André Migot (1892-1967) was a French doctor, traveler and writer.

He served as an army medical officer in World War I, winning the Croix de Guerre. After the war he engaged in research in marine biology, and then practised as a doctor in France; in his spare time, he climbed in the Alps and Pyrenees. In 1938 he set off to India by bicycle to pursue his interest in Oriental religions. During World War II he worked as a doctor in occupied Paris.

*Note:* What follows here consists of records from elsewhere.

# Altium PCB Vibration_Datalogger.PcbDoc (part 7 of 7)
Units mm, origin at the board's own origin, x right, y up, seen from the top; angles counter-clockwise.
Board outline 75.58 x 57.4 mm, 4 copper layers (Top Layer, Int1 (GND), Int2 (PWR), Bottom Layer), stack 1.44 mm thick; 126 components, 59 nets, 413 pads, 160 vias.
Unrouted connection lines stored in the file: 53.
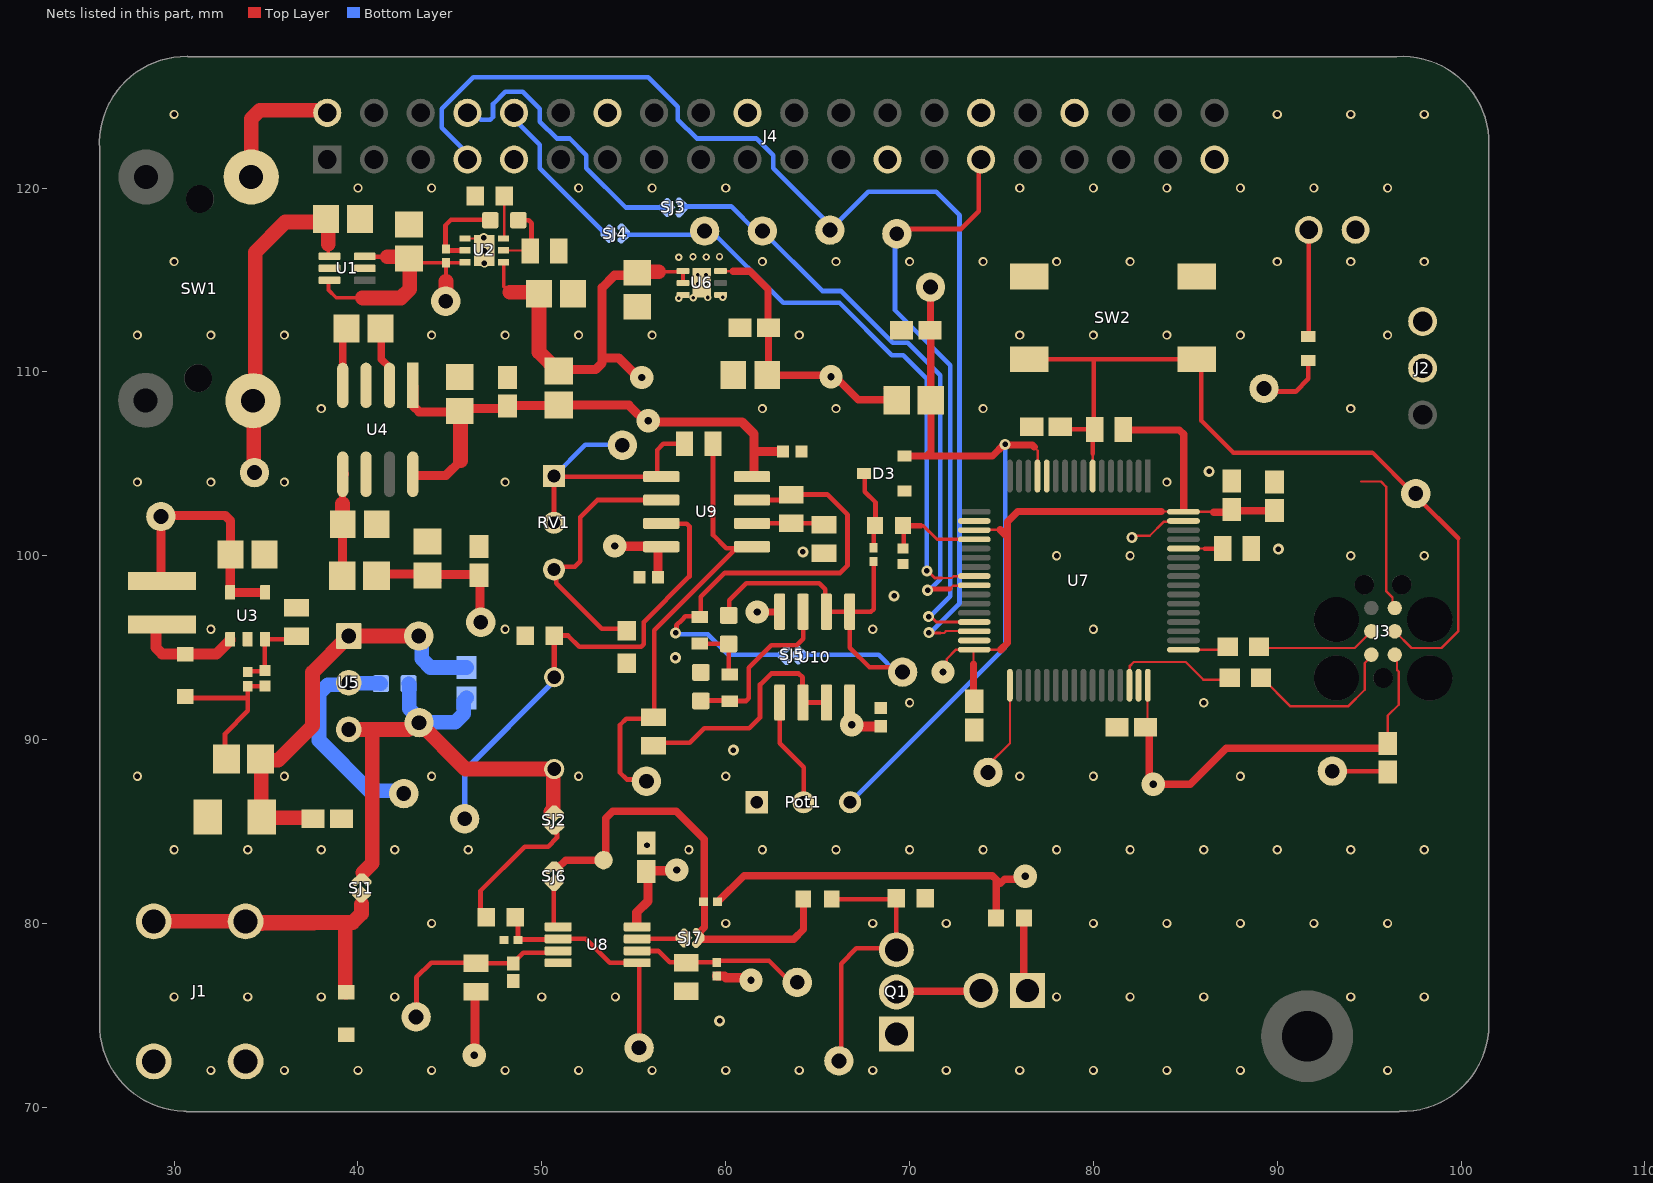
[diagram p4: the nets of this part, all layers, seen from the top]

## Via types
v1: diameter 0.5, hole 0.3, Top Layer to Bottom Layer, tented both sides, 118 vias
v2: diameter 0.6, hole 0.3, Top Layer to Bottom Layer, tented both sides, 14 vias
v3: diameter 1.27, hole 0.4, Top Layer to Int2 (PWR), tented both sides, 11 vias
v4: diameter 0.4, hole 0.2, Top Layer to Bottom Layer, tented both sides, 8 vias
v5: diameter 0.4, hole 0.2, Top Layer to Bottom Layer, 4 vias
v6: diameter 0.5, hole 0.3, Top Layer to Bottom Layer, 3 vias
v7: diameter 0.7, hole 0.3, Top Layer to Bottom Layer, 1 vias
v8: diameter 1.27, hole 0.4, Top Layer to Int2 (PWR), 1 vias

## Nets (pads, with @x,y where several pads share a name; then routed paths per layer and width w, separated by ;. In a path a pad name is that pad's centre, name@x,y a point inside that pad or via, vN(x,y) a via of type N, cw(c..) or ccw(c..) an arc to the next point about the centre after c; other vN are vias at no path point) (continued)
UART1_RX: (continued)
  Top Layer w0.254: v2(70.98,98.12) 71.046,98.186 72.186,98.186 72.21,98.21
  Bottom Layer w0.254: SJ3.1@57.597,119.143 57.743,118.997 60.299,118.997 61.636,117.66 RX1.1@62,117.66 65.26,114.4 66.258,114.4 69.078,111.58 69.91,111.58 71.67,109.82 71.67,98.724 71.066,98.12 v2(70.98,98.12)
UART1_TX: SJ4.1 TX1.1 U7.24 | length 33.2
  Top Layer w0.125: 71.77,98.79 72.3,98.79 72.39,98.88 73.508,98.88 U7.24@73.518,98.89
  Top Layer w0.175: v2(70.94,99.18) 70.97,99.18 71.36,98.79 71.77,98.79
  Bottom Layer w0.254: SJ4.1@54.45,117.31 54.599,117.459 58.649,117.459 TX1.1@58.85,117.66 59.214,117.66 63.124,113.75 66.19,113.75 69.03,110.91 69.65,110.91 70.94,109.62 v2(70.94,99.18)
UART3_RX: J4.07 RX3.1 U7.30 | length 64.1
  Top Layer w0.125: 71.69,95.8 71.89,95.8 71.99,95.9 73.508,95.9 U7.30@73.518,95.89
  Top Layer w0.175: v2(71.05,95.81) 71.06,95.8 71.69,95.8
  Top Layer w0.254: v2(71.05,95.81) v2@71.116,95.876
  Bottom Layer w0.254: J4.07@45.95,121.55 45.95,121.895 44.556,123.289 44.556,124.317 46.269,126.03 55.791,126.03 57.4,124.421 57.4,123.719 58.423,122.696 61.665,122.696 62.584,121.777 62.584,121.075 65.67,117.989 RX3.1@65.67,117.71 67.75,119.79 71.45,119.79 72.72,118.52 72.72,97.41 71.12,95.81 v2(71.05,95.81)
UART3_TX: J4.29 TX3.1 U7.29 | length 33.6
  Top Layer w0.175: v2(71.033,96.687) 71.148,96.687 71.443,96.392 73.515,96.392 U7.29@73.518,96.39
  Top Layer w0.254: TX3.1@69.31,117.51 69.568,117.768 72.798,117.768 73.76,118.73 73.76,121.42 J4.29@73.89,121.55
  Bottom Layer w0.254: TX3.1@69.31,117.51 TX3.1@69.568,117.768 ; TX3.1@69.46,117.39 69.21,117.14 69.21,113.35 72.212,110.348 72.212,97.791 71.108,96.687 v2(71.033,96.687) ; J4.29@73.89,121.55 J4.29@74.03,121.41
UVLO: R1.1 R2.2 U2.5 | length 4.9
  Top Layer w0.254: U2.5@45.82,116.603 44.867,116.603 44.76,116.71 44.76,117.98 45.06,118.28 47.166,118.28 R2.2@47.196,118.25
VADC_OUT: U7.33 VADC.1 | length 5.7
  Top Layer w0.125: VADC.1@74.27,88.21 74.27,88.609 75.46,89.799 75.46,92.948 U7.33@75.459,92.949 75.459,93.133 U7.33@75.372,93.22
  Top Layer w0.254: VADC.1@74.27,88.21 VADC.1@74.39,88.33
VDD: C15.1 C16.1 C18.1 C19.1 C20.1 C21.1 C22.1 FB4.1 J3.1 R14.1 R15.2 R18.2 R19.2 U6.6 U7.19 U7.32 U7.48 U7.64 VDD.1 | length 102.5
  Top Layer w0.125: U6.6@59.81,115.49 59.83,115.47 60.415,115.47 ; v3(71.82,93.67) 72.022,93.872 72.022,94.382 72.53,94.89 U7.32@73.518,94.89 ; 73.48,94.09 73.48,94.852 U7.32@73.518,94.89 ; U7.19@73.518,101.39 73.538,101.41 74.93,101.41 ; 74.96,94.88 73.528,94.88 U7.32@73.518,94.89 ; C20.1@82.94,90.95 82.94,92.93 U7.48@82.959,92.949 ; 83.69,102.4 84.89,102.4 U7.64@84.9,102.39 86.51,102.39 ; C18.1@96.012,89.789 96.012,91.302 96.608,91.898 96.608,93.697 96.52,93.785 96.52,94.488 J3.1@96.393,94.615
  Top Layer w0.2: 86.51,102.39 86.54,102.36
  Top Layer w0.254: FB4.1@68.705,109.109 69.305,108.509 FB4.1@69.305,108.458 ; VDD.1@89.281,109.093 89.446,108.928 90.998,108.928 91.694,109.624 R19.2@91.694,110.617
  Top Layer w0.4: R15.2@59.575,81.205 R15.2@59.55,81.18 59.575,81.18 60.995,82.6 74.498,82.6 74.71,82.388 ; 60.415,115.47 61.32,115.47 62.304,114.486 62.304,112.426 C15.1@62.33,112.4 62.33,109.9 C16.1@62.26,109.83 62.27,109.82 65.875,109.82 67.215,108.48 69.283,108.48 FB4.1@69.305,108.458 ; 73.48,94.09 73.48,92.22 C21.1@73.62,92.08 ; R18.2@74.71,80.29 74.71,82.388 ; 74.93,101.41 75.33,101.01 ; 74.96,94.88 75.33,95.25 75.33,101.01 ; v3(76.3,82.57) 76.134,82.404 75.164,82.404 74.929,82.169 74.71,82.388 ; R14.1@81.62,106.87 81.65,106.84 84.676,106.84 84.91,106.606 84.91,102.55 ; C20.1@83.03,90.92 83.03,88.015 83.25,87.795 v3(83.25,87.56) ; v3@83.133,87.577 83.21,87.5 83.287,87.577 85.277,87.577 87.234,89.534 95.757,89.534 C18.1@96.012,89.789 ; 83.69,102.4 75.89,102.4 75.33,101.84 75.33,101.01 ; 86.54,102.36 87.364,102.36 87.454,102.45 C22.1@89.85,102.45 C22.1@89.77,102.53
  other v3: 65.73,109.73
Vdet: R20.1 R21.2 U8.2 U8.5 Vdet.1 | length 13
  Top Layer w0.254: R20.1@48.55,80.34 48.7,80.19 R21.2@48.7,79.09 48.733,79.123 50.855,79.123 U8.2@50.888,79.156 52.388,79.156 53.688,77.856 U8.5@55.188,77.856 55.29,77.754 Vdet.1@55.29,73.23
VHigh: R24.2 R25.2 U8.3 VHigh.1 | length 10.7
  Top Layer w0.254: VHigh.1@43.033,74.402 VHigh.1@43.16,74.275 ; VHigh.1@43.16,74.91 43.18,74.93 43.18,77.06 43.98,77.86 46.383,77.86 R24.2@46.414,77.829 46.421,77.822 R25.2@48.45,77.822 48.45,77.866 48.982,78.398 50.78,78.398 U8.3@50.888,78.506
VLow: R22.1 R23.1 U8.6 VLOW.1 | length 9.5
  Top Layer w0.254: U8.6@55.188,78.506 55.194,78.5 56.33,78.5 56.95,77.88 57.84,77.88 R23.1@57.85,77.87 57.86,77.88 R22.1@59.51,77.88 59.59,77.96 62.356,77.96 63.526,76.79 VLOW.1@63.89,76.79
Vsen: C26.1 R7.1 R8.1 SJ1.1 SJ2.2 U5.3 Vsen.1 | length 29.4
  Top Layer w0.8: U5.3@39.497,90.551 40.78,90.551 ; 40.26,82.76 40.78,83.28 40.78,90.551 ; SJ2.2@50.502,86.077 50.616,86.19 50.616,88.335 C26.1@50.673,88.392 45.848,88.392 Vsen.1@43.32,90.92 43.104,90.92 42.735,90.551 40.78,90.551
  Bottom Layer w0.254: R7.1@45.476,91.767 45.749,92.04 45.902,92.194 R7.1@45.902,92.268
  Bottom Layer w0.8: R8.1@42.753,93.039 42.788,93.004 42.788,91.669 43.32,91.136 Vsen.1@43.32,90.92 43.34,90.94 45.28,90.94 45.749,91.409 45.749,92.04 45.749,92.115 R7.1@45.902,92.268
pads on no net: J2.3 J3. J3.6 J4.01 J4.03 J4.04 J4.05 J4.06 J4.11 J4.12 J4.13 J4.15 J4.16 J4.17 J4.18 J4.19 J4.21 J4.22 J4.23 J4.24 J4.26 J4.27 J4.28 J4.31 J4.32 J4.33 J4.35 J4.36 J4.37 J4.38 J4.40 MH1.1 SW1.2 SW1.4 SW1.5 SW1.6 U1.4 U4.7 U6.5 U7.1 U7.2 U7.3 U7.4 U7.5 U7.6 U7.8 U7.9 U7.10 U7.11 U7.14 U7.15 U7.16 U7.17 U7.21 U7.22 U7.23 U7.26 U7.27 U7.28 U7.34 U7.35 U7.36 U7.37 U7.38 U7.39 U7.40 U7.41 U7.42 U7.43 U7.44 U7.45 U7.50 U7.51 U7.52 U7.53 U7.54 U7.55 U7.56 U7.57 U7.58 U7.59 U7.61 U7.62

## Polygon pours and split planes (outlines as drawn)
GND on Bottom Layer "Bottom_GND" (solid, remove dead copper, pour order 1): 30.542,69.781 ccw(c30.64,70.15) 30.64,69.768 ccw(c30.64,70.023) 30.66,69.769 ccw(c30.7,69.89) 30.7,69.763 96.61,69.763 ccw(c96.61,69.89) 96.656,69.771 ccw(c96.785,74.495) 101.511,74.495 ccw(c96.785,74.495) 101.507,74.667 101.507,74.762 ccw(c101.13,74.82) 101.512,74.82 ccw(c101.384,74.82) 101.507,74.853 101.507,122.627 ccw(c101.384,122.66) 101.512,122.66 ccw(c101.13,122.66) 101.511,122.685 ccw(c101.13,122.71) 101.512,122.71 ccw(c101.13,122.71) 101.511,122.734 ccw(c96.795,122.435) 96.496,127.151 ccw(c96.52,126.77) 96.48,127.15 ccw(c96.44,126.77) 96.44,127.152 30.744,127.152 ccw(c30.71,127.029) 30.712,127.156 ccw(c30.661,122.431) 25.945,122.132 ccw(c26.072,122.14) 25.958,122.083 25.958,74.317 ccw(c26.33,74.23) 25.949,74.206 ccw(c30.665,74.505)
GND on Top Layer "TOP_GND" (solid, remove dead copper, pour order 0): 30.542,69.781 ccw(c30.64,70.15) 30.64,69.768 ccw(c30.64,70.023) 30.66,69.769 ccw(c30.7,69.89) 30.7,69.763 96.61,69.763 ccw(c96.61,69.89) 96.656,69.771 ccw(c96.785,74.495) 101.511,74.495 ccw(c96.785,74.495) 101.507,74.667 101.507,74.762 ccw(c101.13,74.82) 101.512,74.82 ccw(c101.384,74.82) 101.507,74.853 101.507,122.627 ccw(c101.384,122.66) 101.512,122.66 ccw(c101.13,122.66) 101.511,122.685 ccw(c101.13,122.71) 101.512,122.71 ccw(c101.13,122.71) 101.511,122.734 ccw(c96.795,122.435) 96.496,127.151 ccw(c96.52,126.77) 96.48,127.15 ccw(c96.44,126.77) 96.44,127.152 30.744,127.152 ccw(c30.71,127.029) 30.712,127.156 ccw(c30.661,122.431) 25.945,122.132 ccw(c26.072,122.14) 25.958,122.083 25.958,74.317 ccw(c26.33,74.23) 25.949,74.206 ccw(c30.665,74.505)
NetD1_2 on Top Layer "SW_Poly" (solid, remove dead copper, pour order 3): 33.461,94.04 33.473,96.79 26.618,96.79 26.618,94.02
NetC7_2 on Top Layer "FB_POLY" (solid, remove dead copper, pour order 5): 33.7,93.41 35.38,93.41 35.38,94.99 37.4,94.99 37.4,96.12 37.33,96.12 34.62,96.12 34.62,94.14 33.7,94.14
24V on Int2 (PWR) (split plane): 45.555,94.495 45.631,94.432 45.718,94.386 45.812,94.357 45.91,94.348 46.692,94.348 51.678,89.362 51.678,85.508 46.842,80.672 42.91,80.672 42.812,80.663 42.718,80.634 42.631,80.588 42.555,80.525 40.365,78.335 40.302,78.259 40.28,78.217 40.205,78.155 40.142,78.079 40.096,77.992 40.067,77.898 40.058,77.8 40.058,70.273 31.113,70.273 31.11,70.29 31.082,70.332 31.04,70.36 30.99,70.369 30.62,70.369 30.57,70.36 30.528,70.332 30.503,70.293 30.389,70.297 30.115,70.324 29.842,70.369 29.574,70.431 29.309,70.512 29.051,70.609 28.8,70.723 28.556,70.853 28.322,70.999 28.098,71.159 27.884,71.334 27.683,71.523 27.494,71.724 27.319,71.938 27.159,72.162 27.013,72.396 26.883,72.64 26.769,72.891 26.672,73.149 26.591,73.414 26.529,73.682 26.501,73.852 26.52,73.88 26.529,73.93 26.529,74.32 26.52,74.37 26.492,74.412 26.469,74.427 26.469,96.208 36.66,96.208 36.738,96.166 36.832,96.137 36.93,96.128 37.028,96.137 37.122,96.166 37.2,96.208 43.842,96.208
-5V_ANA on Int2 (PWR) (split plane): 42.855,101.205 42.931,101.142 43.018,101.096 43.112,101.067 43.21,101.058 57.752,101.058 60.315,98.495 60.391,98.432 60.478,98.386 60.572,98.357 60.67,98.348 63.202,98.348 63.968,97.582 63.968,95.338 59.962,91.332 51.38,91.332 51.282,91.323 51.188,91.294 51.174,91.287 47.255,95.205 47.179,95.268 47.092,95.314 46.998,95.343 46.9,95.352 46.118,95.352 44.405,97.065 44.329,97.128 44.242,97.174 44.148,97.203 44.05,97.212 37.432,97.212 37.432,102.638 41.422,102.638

After the war he went to Indochina, whence in 1947 he made a journey alone through Eastern Tibet and China in order to research aspects of Tibetan Buddhism. During this journey he tried but failed to reach Lhasa disguised as a mendicant lama. As he could speak and write Tibetan, he was able to converse with the lamas, and was initiated into the Karma Kagyu lineage at Shangu Gompa, a lamasery outside modern-day Yushu. This journey is described in his best-known book Caravane vers Bouddha, translated into English by Peter Fleming as Tibetan Marches.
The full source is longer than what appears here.